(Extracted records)

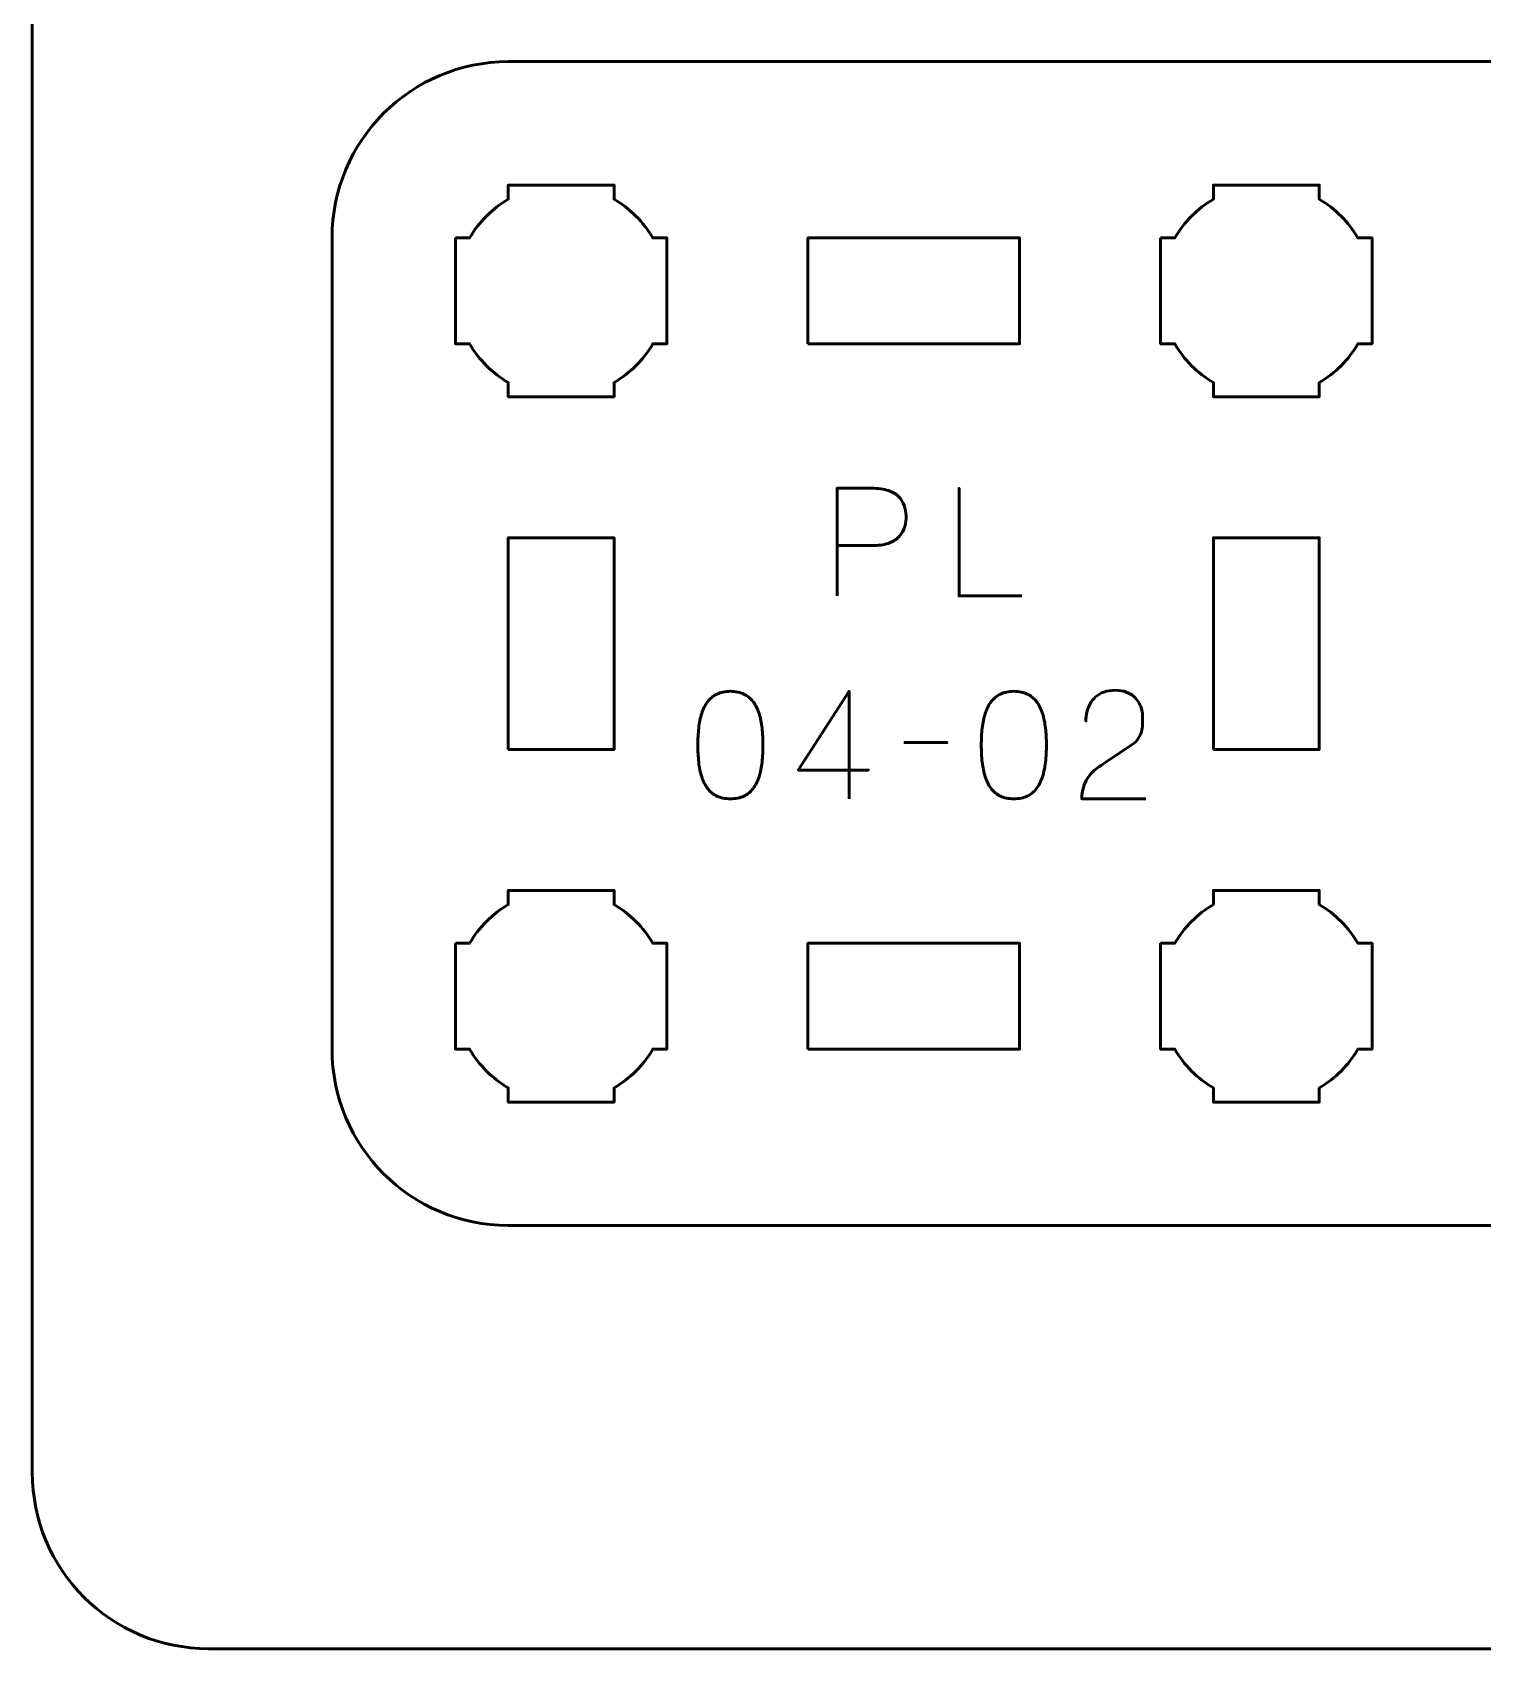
# Model space of a CAD drawing. Header units: centimetres. Extents: x -21 to 0, y -29.7 to 0.
# Drawn here: x -21 to -16.886, y -29.7 to -25.117 of the extents above; entities that cross this region are included whole.
import ezdxf

# ---------------------------------------------------------------- set-up
doc = ezdxf.new("R2010")
doc.units = ezdxf.units.CM
doc.header["$MEASUREMENT"] = 0
doc.layers.add('Layer 1', color=7, linetype='Continuous')

msp = doc.modelspace()

# ---------------------------------------------------------------- linework, layer by layer
at = {"layer": 'Layer 1', "lineweight": 53}
for points in [[(-18.8, -26), (-18.2, -26), (-18.2, -25.7), (-18.8, -25.7), (-18.8, -26)], [(-19.65, -27.15), (-19.35, -27.15), (-19.35, -26.55), (-19.65, -26.55), (-19.65, -27.15)], [(-17.65, -27.15), (-17.35, -27.15), (-17.35, -26.55), (-17.65, -26.55), (-17.65, -27.15)], [(-18.8, -28), (-18.2, -28), (-18.2, -27.7), (-18.8, -27.7), (-18.8, -28)]]:
    msp.add_lwpolyline(points, close=True, dxfattribs=at)
at = {"layer": 'Layer 1', "color": 1, "lineweight": 53}
msp.add_open_spline([(-21.00003, -29.19995), (-21.00003, -29.19995), (-21.00003, -5.89992), (-21.00003, -5.89992), (-21.00003, -5.89992), (-21.00003, -5.81709), (-20.93286, -5.74992), (-20.85003, -5.74992), (-20.85003, -5.74992), (-20.7672, -5.74992), (-20.70003, -5.68275), (-20.70003, -5.59992), (-20.70003, -5.59992), (-20.70003, -5.51709), (-20.7672, -5.44992), (-20.85003, -5.44992), (-20.85003, -5.44992), (-20.93286, -5.44992), (-21.00003, -5.38275), (-21.00003, -5.29992), (-21.00003, -5.29992), (-21.00003, -5.21709), (-20.93286, -5.14992), (-20.85003, -5.14992), (-20.85003, -5.14992), (-20.7672, -5.14992), (-20.70003, -5.08275), (-20.70003, -4.99992), (-20.70003, -4.99992), (-20.70003, -4.91709), (-20.7672, -4.84992), (-20.85003, -4.84992), (-20.85003, -4.84992), (-20.93286, -4.84992), (-21.00003, -4.78275), (-21.00003, -4.69992), (-21.00003, -4.69992), (-21.00003, -4.61709), (-20.93286, -4.54992), (-20.85003, -4.54992), (-20.85003, -4.54992), (-20.7672, -4.54992), (-20.70003, -4.48275), (-20.70003, -4.39992), (-20.70003, -4.39992), (-20.70003, -4.31709), (-20.7672, -4.24992), (-20.85003, -4.24992), (-20.85003, -4.24992), (-20.93286, -4.24992), (-21.00003, -4.18275), (-21.00003, -4.09992), (-21.00003, -4.09992), (-21.00003, -4.01709), (-20.93286, -3.94992), (-20.85003, -3.94992), (-20.85003, -3.94992), (-20.7672, -3.94992), (-20.70003, -3.88275), (-20.70003, -3.79992), (-20.70003, -3.79992), (-20.70003, -3.71709), (-20.7672, -3.64992), (-20.85003, -3.64992), (-20.85003, -3.64992), (-20.93286, -3.64992), (-21.00003, -3.58275), (-21.00003, -3.49992), (-21.00003, -3.49992), (-21.00003, -3.41709), (-20.93286, -3.34992), (-20.85003, -3.34992), (-20.85003, -3.34992), (-20.7672, -3.34992), (-20.70003, -3.28275), (-20.70003, -3.19992), (-20.70003, -3.19992), (-20.70003, -3.11709), (-20.7672, -3.04992), (-20.85003, -3.04992), (-20.85003, -3.04992), (-20.93286, -3.04992), (-21.00003, -2.98275), (-21.00003, -2.89992), (-21.00003, -2.89992), (-21.00003, -2.81709), (-20.93286, -2.74992), (-20.85003, -2.74992), (-20.85003, -2.74992), (-20.7672, -2.74992), (-20.70003, -2.68275), (-20.70003, -2.59992), (-20.70003, -2.59992), (-20.70003, -2.51709), (-20.7672, -2.44992), (-20.85003, -2.44992), (-20.85003, -2.44992), (-20.93286, -2.44992), (-21.00003, -2.38275), (-21.00003, -2.29992), (-21.00003, -2.29992), (-21.00003, -2.21709), (-20.93286, -2.14992), (-20.85003, -2.14992), (-20.85003, -2.14992), (-20.7672, -2.14992), (-20.70003, -2.08275), (-20.70003, -1.99992), (-20.70003, -1.99992), (-20.70003, -1.91709), (-20.7672, -1.84992), (-20.85003, -1.84992), (-20.85003, -1.84992), (-20.93286, -1.84992), (-21.00003, -1.78275), (-21.00003, -1.69992), (-21.00003, -1.69992), (-21.00003, -1.61709), (-20.93286, -1.54992), (-20.85003, -1.54992), (-20.85003, -1.54992), (-20.7672, -1.54992), (-20.70003, -1.48275), (-20.70003, -1.39992), (-20.70003, -1.39992), (-20.70003, -1.31709), (-20.7672, -1.24992), (-20.85003, -1.24992), (-20.85003, -1.24992), (-20.93286, -1.24992), (-21.00003, -1.18275), (-21.00003, -1.09992), (-21.00003, -1.09992), (-21.00003, -1.09992), (-21.00003, -0.49992), (-21.00003, -0.49992), (-21.00003, -0.49992), (-21.00003, -0.22295), (-20.77694, 0.00004), (-20.49994, 0.00004), (-20.49994, 0.00004), (-20.49994, 0.00004), (-0.50008, 0.00004), (-0.50008, 0.00004), (-0.50008, 0.00004), (-0.22294, 0.00004), (0.00002, -0.22295), (0.00002, -0.49992), (0.00002, -0.49992), (0.00002, -0.49992), (0.00002, -29.19995), (0.00002, -29.19995), (0.00002, -29.19995), (0.00002, -29.47695), (-0.22294, -29.70004), (-0.50008, -29.70004), (-0.50008, -29.70004), (-0.50008, -29.70004), (-20.49994, -29.70004), (-20.49994, -29.70004), (-20.49994, -29.70004), (-20.77694, -29.70004), (-21.00003, -29.47695), (-21.00003, -29.19995)], degree=3, knots=[0, 0, 0, 0, 0.0243902, 0.0243902, 0.0243902, 0.0243902, 0.0487805, 0.0487805, 0.0487805, 0.0487805, 0.0731707, 0.0731707, 0.0731707, 0.0731707, 0.097561, 0.097561, 0.097561, 0.097561, 0.1219512, 0.1219512, 0.1219512, 0.1219512, 0.1463415, 0.1463415, 0.1463415, 0.1463415, 0.1707317, 0.1707317, 0.1707317, 0.1707317, 0.195122, 0.195122, 0.195122, 0.195122, 0.2195122, 0.2195122, 0.2195122, 0.2195122, 0.2439024, 0.2439024, 0.2439024, 0.2439024, 0.2682927, 0.2682927, 0.2682927, 0.2682927, 0.2926829, 0.2926829, 0.2926829, 0.2926829, 0.3170732, 0.3170732, 0.3170732, 0.3170732, 0.3414634, 0.3414634, 0.3414634, 0.3414634, 0.3658537, 0.3658537, 0.3658537, 0.3658537, 0.3902439, 0.3902439, 0.3902439, 0.3902439, 0.4146341, 0.4146341, 0.4146341, 0.4146341, 0.4390244, 0.4390244, 0.4390244, 0.4390244, 0.4634146, 0.4634146, 0.4634146, 0.4634146, 0.4878049, 0.4878049, 0.4878049, 0.4878049, 0.5121951, 0.5121951, 0.5121951, 0.5121951, 0.5365854, 0.5365854, 0.5365854, 0.5365854, 0.5609756, 0.5609756, 0.5609756, 0.5609756, 0.5853659, 0.5853659, 0.5853659, 0.5853659, 0.6097561, 0.6097561, 0.6097561, 0.6097561, 0.6341463, 0.6341463, 0.6341463, 0.6341463, 0.6585366, 0.6585366, 0.6585366, 0.6585366, 0.6829268, 0.6829268, 0.6829268, 0.6829268, 0.7073171, 0.7073171, 0.7073171, 0.7073171, 0.7317073, 0.7317073, 0.7317073, 0.7317073, 0.7560976, 0.7560976, 0.7560976, 0.7560976, 0.7804878, 0.7804878, 0.7804878, 0.7804878, 0.804878, 0.804878, 0.804878, 0.804878, 0.8292683, 0.8292683, 0.8292683, 0.8292683, 0.8536585, 0.8536585, 0.8536585, 0.8536585, 0.8780488, 0.8780488, 0.8780488, 0.8780488, 0.902439, 0.902439, 0.902439, 0.902439, 0.9268293, 0.9268293, 0.9268293, 0.9268293, 0.9512195, 0.9512195, 0.9512195, 0.9512195, 0.9756098, 0.9756098, 0.9756098, 0.9756098, 1, 1, 1, 1], dxfattribs=at)
at = {"layer": 'Layer 1', "color": 3, "lineweight": 53}
msp.add_open_spline([(-20.15, -28), (-20.15, -28), (-20.15, -25.7), (-20.15, -25.7), (-20.15, -25.7), (-20.15, -25.42391), (-19.92609, -25.2), (-19.65, -25.2), (-19.65, -25.2), (-19.65, -25.2), (-13.35, -25.2), (-13.35, -25.2), (-13.35, -25.2), (-13.07391, -25.2), (-12.85, -25.42391), (-12.85, -25.7), (-12.85, -25.7), (-12.85, -25.7), (-12.85, -28), (-12.85, -28), (-12.85, -28), (-12.85, -28.27609), (-13.07391, -28.5), (-13.35, -28.5), (-13.35, -28.5), (-13.35, -28.5), (-19.65, -28.5), (-19.65, -28.5), (-19.65, -28.5), (-19.92609, -28.5), (-20.15, -28.27609), (-20.15, -28)], degree=3, knots=[0, 0, 0, 0, 0.125, 0.125, 0.125, 0.125, 0.25, 0.25, 0.25, 0.25, 0.375, 0.375, 0.375, 0.375, 0.5, 0.5, 0.5, 0.5, 0.625, 0.625, 0.625, 0.625, 0.75, 0.75, 0.75, 0.75, 0.875, 0.875, 0.875, 0.875, 1, 1, 1, 1], dxfattribs=at)
at = {"layer": 'Layer 1', "lineweight": 53}
for points in [[(-19.8, -25.7), (-19.8, -25.7), (-19.75985, -25.7), (-19.75985, -25.7), (-19.75985, -25.7), (-19.7335, -25.65447), (-19.69553, -25.6165), (-19.65, -25.59015), (-19.65, -25.59015), (-19.65, -25.59015), (-19.65, -25.55), (-19.65, -25.55), (-19.65, -25.55), (-19.65, -25.55), (-19.5, -25.55), (-19.5, -25.55), (-19.5, -25.55), (-19.5, -25.55), (-19.35, -25.55), (-19.35, -25.55), (-19.35, -25.55), (-19.35, -25.55), (-19.35, -25.59015), (-19.35, -25.59015), (-19.35, -25.59015), (-19.30447, -25.6165), (-19.2665, -25.65447), (-19.24015, -25.7), (-19.24015, -25.7), (-19.24015, -25.7), (-19.2, -25.7), (-19.2, -25.7), (-19.2, -25.7), (-19.2, -25.7), (-19.2, -25.85), (-19.2, -25.85), (-19.2, -25.85), (-19.2, -25.85), (-19.2, -26), (-19.2, -26), (-19.2, -26), (-19.2, -26), (-19.24015, -26), (-19.24015, -26), (-19.24015, -26), (-19.2665, -26.04553), (-19.30447, -26.0835), (-19.35, -26.10985), (-19.35, -26.10985), (-19.35, -26.10985), (-19.35, -26.15), (-19.35, -26.15), (-19.35, -26.15), (-19.35, -26.15), (-19.5, -26.15), (-19.5, -26.15), (-19.5, -26.15), (-19.5, -26.15), (-19.65, -26.15), (-19.65, -26.15), (-19.65, -26.15), (-19.65, -26.15), (-19.65, -26.10985), (-19.65, -26.10985), (-19.65, -26.10985), (-19.69553, -26.0835), (-19.7335, -26.04553), (-19.75985, -26), (-19.75985, -26), (-19.75985, -26), (-19.8, -26), (-19.8, -26), (-19.8, -26), (-19.8, -26), (-19.8, -25.85), (-19.8, -25.85), (-19.8, -25.85), (-19.8, -25.85), (-19.8, -25.7), (-19.8, -25.7)], [(-17.8, -25.7), (-17.8, -25.7), (-17.75985, -25.7), (-17.75985, -25.7), (-17.75985, -25.7), (-17.7335, -25.65447), (-17.69553, -25.6165), (-17.65, -25.59015), (-17.65, -25.59015), (-17.65, -25.59015), (-17.65, -25.55), (-17.65, -25.55), (-17.65, -25.55), (-17.65, -25.55), (-17.5, -25.55), (-17.5, -25.55), (-17.5, -25.55), (-17.5, -25.55), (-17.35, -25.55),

*Action item*
Gather up the lines containing the word "color" from these records and copy them.

*Solution for this task*
doc.layers.add('Layer 1', color=7, linetype='Continuous')
at = {"layer": 'Layer 1', "color": 1, "lineweight": 53}
at = {"layer": 'Layer 1', "color": 3, "lineweight": 53}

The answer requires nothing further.